Sorry it didn't work out. That's why it's so important to see these cars in person. Stinks about the long drive, only to be disappointed. Hang in there, there's a car out there just waiting for you. The chase is half the fun....


----------



## Too Many Projects (Nov 15, 2008)

That sucks......sorry to hear your disappointment. I've been there myself and twice as the cars were unloaded from the transport trucks. You're much better off for having seen it in person. 
When are you flying to CA to see the Gold one....


----------



## par4n1 (Jan 28, 2010)

When are you flying to CA to see the Gold one

When pigs fly and they let me to catch a ride

Cheers


----------



## Too Many Projects (Nov 15, 2008)

par4n1 said:


> When pigs fly and they let me to catch a ride
> 
> Cheers


:lol:Not worth the trip in my eyes either. What I see there is a 3-4 year old eBay paint job to maximize the high resale then. The old issues are already surfacing and the appeal/value has dropped in half.

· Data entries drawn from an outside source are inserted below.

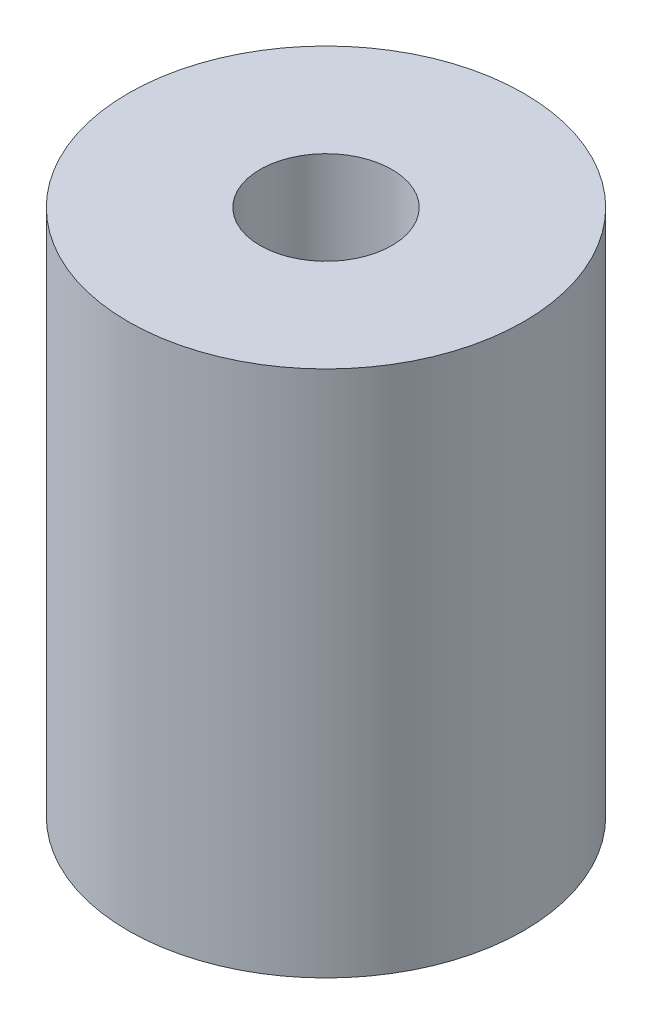
SolidWorks part; units mm, degrees
ref_plane "Front Plane" through (0, 0, 0) normal (0, 0, 1) x (1, 0, 0)
ref_plane "Top Plane" through (0, 0, 0) normal (0, 1, 0) x (1, 0, 0)
ref_plane "Right Plane" through (0, 0, 0) normal (1, 0, 0) x (0, 0, -1)
sketch "Sketch1" plane through (0, 0, 0) normal (0, 1, 0) x (1, 0, 0)
  circle A0 centre (0, 0) radius 7.5
  dimension "D1" = 15
extrude "Boss-Extrude1" add sketch "Sketch1" along normal blind 20
sketch "Sketch2" plane through (0, 20, 0) normal (0, 1, 0) x (1, 0, 0)
  circle A0 centre (0, 0) radius 2.5
  dimension "D1" = 5
extrude "Cut-Extrude1" cut sketch "Sketch2" against normal blind 10
sketch "Sketch3" plane through (0, 0, 0) normal (0, -1, 0) x (1, 0, 0)
  circle A0 centre (0, 0) radius 4
  dimension "D1" = 8
extrude "Cut-Extrude2" cut sketch "Sketch3" against normal blind 10

Still with all those options and being a driver, it will fetch close to the asking. I would venture a 12k price and a few years to enjoy ownership before a proper restoration. Converts DO bring more than a hardtop any day.


----------



## Unclesams (Jun 5, 2009)

Top goes down, price goes up. Hang in there if you want one that doesn't need a ton of rust work. Most of them do and the few that don't seem to bring 30K plus.


----------